2) Single-use plastic bag litter is a major source of coastal pollution.  Over the past twenty-five years, plastic bags have been one of the top items collected on International Coastal Cleanup Day.  (Ocean Conservancy, Tracking Trash: 25 Years of Action for the Ocean (2011) p. 5.)   The Ocean Conservancy reports that, on International Coastal Cleanup Day in 2010, plastic bags were the most commonly collected item after cigarettes and plastic bottles, accounting for 10 percent of total debris items collected worldwide. (Ocean Conservancy, Tracking Trash: 25 Years of Action for the Ocean (2011)).

3) Plastic bag litter is harmful to wildlife.  Microplastics pose threats through chemical leaching to the more than 180 species of marine wildlife that have ingested them (Teuten et al., Transport and Release of Chemicals from Plastics to the Environment and to Wildlife (2009) 364 Philosophical Transactions of the Royal Society B: Biological Sciences 2027, 2036, 2040-42).

4) State and local mandated recycling efforts have failed. Four years after California Assembly Bill No. 2449 instituted a pilot program requiring most large California retailers to host in-store plastic bag recycling programs, the statewide plastic bag recycling rate has remained virtually unchanged.  (Californians Against Waste, The Failure of Plastic Bag Recycling (Feb. 6, 2012)).

5) Bag bans are effective.  Since the Los Angeles County ordinance was put into effect, it has resulted in a 94 percent reduction in single-use bag usage at large retailers and pharmacies, including the elimination of all single-use plastic bags and a 25 percent reduction in paper bags. (L.A. County Dept. of Public Works, Implementation of the County of Los Angeles Plastic and Paper Carryout Bag Ordinance (Nov. 2012) p. 1).

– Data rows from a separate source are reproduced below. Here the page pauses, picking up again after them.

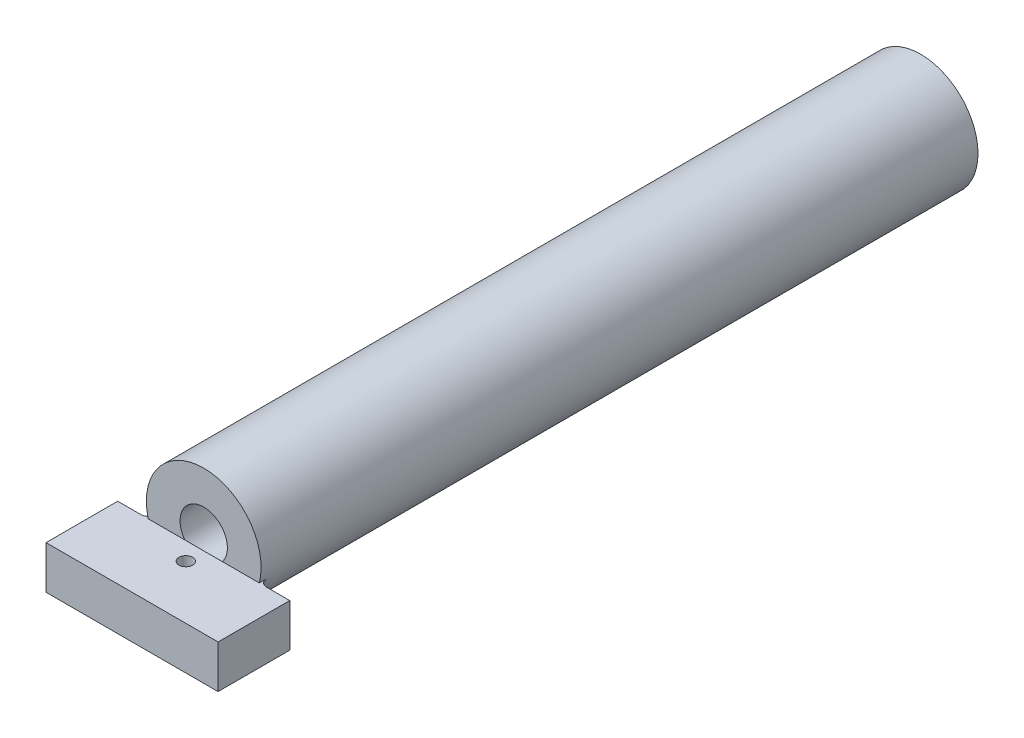
ISO-10303-21;
HEADER;
FILE_DESCRIPTION(('STEP AP214'),'2;1');
FILE_NAME('part.step','',(''),(''),'','','');
FILE_SCHEMA(('AUTOMOTIVE_DESIGN { 1 0 10303 214 1 1 1 1 }'));
ENDSEC;
DATA;
#1=APPLICATION_CONTEXT('core data for automotive mechanical design processes');
#2=APPLICATION_PROTOCOL_DEFINITION('international standard','automotive_design',2000,#1);
#3=PRODUCT_CONTEXT('',#1,'mechanical');
#4=PRODUCT('Part','Part','',(#3));
#5=PRODUCT_RELATED_PRODUCT_CATEGORY('part','',(#4));
#6=PRODUCT_DEFINITION_FORMATION('','',#4);
#7=PRODUCT_DEFINITION_CONTEXT('part definition',#1,'design');
#8=PRODUCT_DEFINITION('design','',#6,#7);
#9=PRODUCT_DEFINITION_SHAPE('','',#8);
#10=(LENGTH_UNIT() NAMED_UNIT(*) SI_UNIT(.MILLI.,.METRE.));
#11=(NAMED_UNIT(*) PLANE_ANGLE_UNIT() SI_UNIT($,.RADIAN.));
#12=(NAMED_UNIT(*) SI_UNIT($,.STERADIAN.) SOLID_ANGLE_UNIT());
#13=UNCERTAINTY_MEASURE_WITH_UNIT(LENGTH_MEASURE(1.E-05),#10,'distance_accuracy_value','');
#14=(GEOMETRIC_REPRESENTATION_CONTEXT(3) GLOBAL_UNCERTAINTY_ASSIGNED_CONTEXT((#13)) GLOBAL_UNIT_ASSIGNED_CONTEXT((#10,
#11,#12)) REPRESENTATION_CONTEXT('',''));
#15=CARTESIAN_POINT('',(0.,0.,0.));
#16=DIRECTION('',(0.,0.,1.));
#17=DIRECTION('',(1.,0.,0.));
#18=AXIS2_PLACEMENT_3D('',#15,#16,#17);
#19=CARTESIAN_POINT('',(-6.,-1.,55.));
#20=DIRECTION('',(0.,-1.,0.));
#21=DIRECTION('',(1.,0.,0.));
#22=AXIS2_PLACEMENT_3D('',#19,#20,#21);
#23=PLANE('',#22);
#24=DIRECTION('',(-1.,0.,0.));
#25=VECTOR('',#24,1.);
#26=CARTESIAN_POINT('',(-6.,-1.,50.));
#27=LINE('',#26,#25);
#28=CARTESIAN_POINT('',(6.,-0.999999999999997,50.));
#29=VERTEX_POINT('',#28);
#30=CARTESIAN_POINT('',(4.38748219369606,-0.999999999999998,50.));
#31=VERTEX_POINT('',#30);
#32=EDGE_CURVE('E162',#29,#31,#27,.T.);
#33=ORIENTED_EDGE('',*,*,#32,.T.);
#34=CARTESIAN_POINT('',(4.38748219369606,-0.999999999999998,50.));
#35=CARTESIAN_POINT('',(4.3579655596069,-0.999999999999998,50.0000208387773));
#36=CARTESIAN_POINT('',(4.32845429997108,-0.999999999999998,49.9975165101157));
#37=CARTESIAN_POINT('',(4.27026566312128,-0.999999999999998,49.9876239291536));
#38=CARTESIAN_POINT('',(4.24158816656995,-0.999999999999998,49.9802363794221));
#39=CARTESIAN_POINT('',(4.18586439432141,-0.999999999999998,49.9607377881979));
#40=CARTESIAN_POINT('',(4.15881911487868,-0.999999999999998,49.948623894897));
#41=CARTESIAN_POINT('',(4.10717852525789,-0.999999999999998,49.9199906414731));
#42=CARTESIAN_POINT('',(4.0825824373352,-0.999999999999998,49.9034726860338));
#43=CARTESIAN_POINT('',(4.03680615359169,-0.999999999999998,49.8666344160125));
#44=CARTESIAN_POINT('',(4.01559576179776,-0.999999999999998,49.846351665449));
#45=CARTESIAN_POINT('',(3.97698904486767,-0.999999999999998,49.8024209202437));
#46=CARTESIAN_POINT('',(3.95959314486626,-0.999999999999998,49.778772550979));
#47=CARTESIAN_POINT('',(3.92961870799203,-0.999999999999998,49.7294523983464));
#48=CARTESIAN_POINT('',(3.91692533752926,-0.999999999999998,49.7038503301077));
#49=CARTESIAN_POINT('',(3.8961734608679,-0.999999999999998,49.6508444296601));
#50=CARTESIAN_POINT('',(3.88811009706772,-0.999999999999998,49.6234425195385));
#51=CARTESIAN_POINT('',(3.87933882799489,-0.999999999999998,49.5798367998571));
#52=CARTESIAN_POINT('',(3.87695695138903,-0.999999999999998,49.563952081624));
#53=CARTESIAN_POINT('',(3.87377975340196,-0.999999999999998,49.5320475816672));
#54=CARTESIAN_POINT('',(3.87298218705146,-0.999999999999998,49.516028023406));
#55=CARTESIAN_POINT('',(3.87298334620716,-0.999999999999998,49.5));
#56=B_SPLINE_CURVE_WITH_KNOTS('',3,(#34,#35,#36,#37,#38,#39,#40,#41,#42,#43,#44,#45,#46,#47,#48,
#49,#50,#51,#52,#53,#54,#55),.UNSPECIFIED.,.F.,.F.,(4,2,2,2,2,2,2,2,2,2,4),(0.,
0.0884369833283033,0.176861245635041,0.265338944597825,0.353788457122878,0.441398755231839,
0.529018812772268,0.614330656023137,0.699552829485026,0.747668746267924,0.795716433971873),.UNSPECIFIED.);
#57=CARTESIAN_POINT('',(3.87298334620742,-0.999999999999998,49.5));
#58=VERTEX_POINT('',#57);
#59=EDGE_CURVE('E11',#31,#58,#56,.T.);
#60=ORIENTED_EDGE('',*,*,#59,.T.);
#61=DIRECTION('',(0.,0.,-1.));
#62=VECTOR('',#61,1.);
#63=CARTESIAN_POINT('',(3.87298334620742,-0.999999999999998,50.));
#64=LINE('',#63,#62);
#65=CARTESIAN_POINT('',(3.87298334620742,-0.999999999999998,50.));
#66=VERTEX_POINT('',#65);
#67=EDGE_CURVE('E64',#66,#58,#64,.T.);
#68=ORIENTED_EDGE('',*,*,#67,.F.);
#69=CARTESIAN_POINT('',(1.31244047484066,-0.999999999999998,50.));
#70=VERTEX_POINT('',#69);
#71=EDGE_CURVE('E149',#66,#70,#27,.T.);
#72=ORIENTED_EDGE('',*,*,#71,.T.);
#73=CARTESIAN_POINT('',(-1.31244047484065,-0.999999999999999,50.));
#74=VERTEX_POINT('',#73);
#75=EDGE_CURVE('E135',#70,#74,#27,.T.);
#76=ORIENTED_EDGE('',*,*,#75,.T.);
#77=CARTESIAN_POINT('',(-3.87298334620742,-0.999999999999999,50.));
#78=VERTEX_POINT('',#77);
#79=EDGE_CURVE('E153',#74,#78,#27,.T.);
#80=ORIENTED_EDGE('',*,*,#79,.T.);
#81=DIRECTION('',(0.,0.,-1.));
#82=VECTOR('',#81,1.);
#83=CARTESIAN_POINT('',(-3.87298334620742,-0.999999999999999,49.5));
#84=LINE('',#83,#82);
#85=CARTESIAN_POINT('',(-3.87298334620742,-0.999999999999999,49.5));
#86=VERTEX_POINT('',#85);
#87=EDGE_CURVE('E471',#86,#78,#84,.F.);
#88=ORIENTED_EDGE('',*,*,#87,.F.);
#89=CARTESIAN_POINT('',(-3.87298334620742,-0.999999999999999,49.5));
#90=CARTESIAN_POINT('',(-3.87295537499168,-0.999999999999999,49.5275081549908));
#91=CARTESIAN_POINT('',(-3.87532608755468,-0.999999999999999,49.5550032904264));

Eleven months after the City of San Jose enacted it’s ban, its 2012 litter surveys indicate that plastic bag litter has been reduced by “approximately 89 percent in the storm drain system, 60 percent in the creeks and rivers, and 59 percent in City streets and neighborhoods, when compared to [pre-ordinance] data . . . .”  

The environmental coalition that submitted the amicus brief hopes that it will prompt the Court of Appeal to set precedent to allow the successful trend of single-use bag bans and fees in the state of California to continue moving forward.